UNC-CH puts 38 percent of its tuition revenue toward financial aid.
Shirley Ort, associate provost and director of scholarship and student aid at the University, said if need-based aid had been capped at 25 percent last year, 4,000 of the 13,000 students wouldn’t have received tuition grants.
“A 25 percent cap for us would be a setback in fulfilling our goals of providing 100 percent of documented need-based aid and holding down the debt our students face at graduation,” said UNC-CH’s Executive Vice Chancellor and Provost Bruce Carney.
At Thursday’s meeting, some board members were skeptical about approving a tuition proposal that spans two years instead of one, but Ross’ proposal passed unamended.

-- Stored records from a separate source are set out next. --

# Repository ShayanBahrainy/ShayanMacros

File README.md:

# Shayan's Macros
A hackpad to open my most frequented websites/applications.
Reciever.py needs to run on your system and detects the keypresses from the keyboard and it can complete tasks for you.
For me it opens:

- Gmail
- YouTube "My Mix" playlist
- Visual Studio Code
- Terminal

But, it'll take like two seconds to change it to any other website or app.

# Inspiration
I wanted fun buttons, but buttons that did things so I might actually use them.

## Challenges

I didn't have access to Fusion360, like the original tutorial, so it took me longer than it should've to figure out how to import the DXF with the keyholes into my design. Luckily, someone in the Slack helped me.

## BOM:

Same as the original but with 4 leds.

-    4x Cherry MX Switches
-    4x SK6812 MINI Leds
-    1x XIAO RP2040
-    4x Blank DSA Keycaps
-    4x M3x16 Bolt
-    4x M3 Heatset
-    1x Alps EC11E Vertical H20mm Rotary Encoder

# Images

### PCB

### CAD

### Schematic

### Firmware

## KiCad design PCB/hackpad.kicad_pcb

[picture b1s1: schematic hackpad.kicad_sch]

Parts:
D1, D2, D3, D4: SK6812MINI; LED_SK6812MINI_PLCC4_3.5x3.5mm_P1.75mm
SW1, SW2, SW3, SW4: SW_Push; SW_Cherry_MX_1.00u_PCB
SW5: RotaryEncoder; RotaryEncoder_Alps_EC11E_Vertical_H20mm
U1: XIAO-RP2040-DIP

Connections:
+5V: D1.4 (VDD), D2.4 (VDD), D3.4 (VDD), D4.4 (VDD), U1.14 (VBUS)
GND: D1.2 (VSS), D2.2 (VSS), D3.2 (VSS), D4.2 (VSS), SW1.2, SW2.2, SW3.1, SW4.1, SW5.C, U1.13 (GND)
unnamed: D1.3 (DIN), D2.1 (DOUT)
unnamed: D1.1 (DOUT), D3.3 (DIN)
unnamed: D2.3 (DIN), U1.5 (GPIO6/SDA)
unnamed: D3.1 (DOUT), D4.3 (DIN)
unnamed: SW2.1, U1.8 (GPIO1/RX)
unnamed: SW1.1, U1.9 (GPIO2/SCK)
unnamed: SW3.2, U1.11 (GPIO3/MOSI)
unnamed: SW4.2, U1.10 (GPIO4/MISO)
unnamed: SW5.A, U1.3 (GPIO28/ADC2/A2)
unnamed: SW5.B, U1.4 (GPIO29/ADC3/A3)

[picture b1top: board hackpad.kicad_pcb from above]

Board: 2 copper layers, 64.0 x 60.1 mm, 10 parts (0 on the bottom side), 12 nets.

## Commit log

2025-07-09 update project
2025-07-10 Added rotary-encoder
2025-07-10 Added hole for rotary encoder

“Our campuses needed some help, and that’s what we tried to do today,” Ross said in a press conference. “The hope is that two years from now, we’ll know exactly what the anticipated needs (of the campuses) are.”
Staunching the bleeding
The UNC system suffered a budget cut of $414 million last year, and Ross said the tuition increase proposal — if approved by the N.C. General Assembly this summer — will put a “band-aid on the bleeding.”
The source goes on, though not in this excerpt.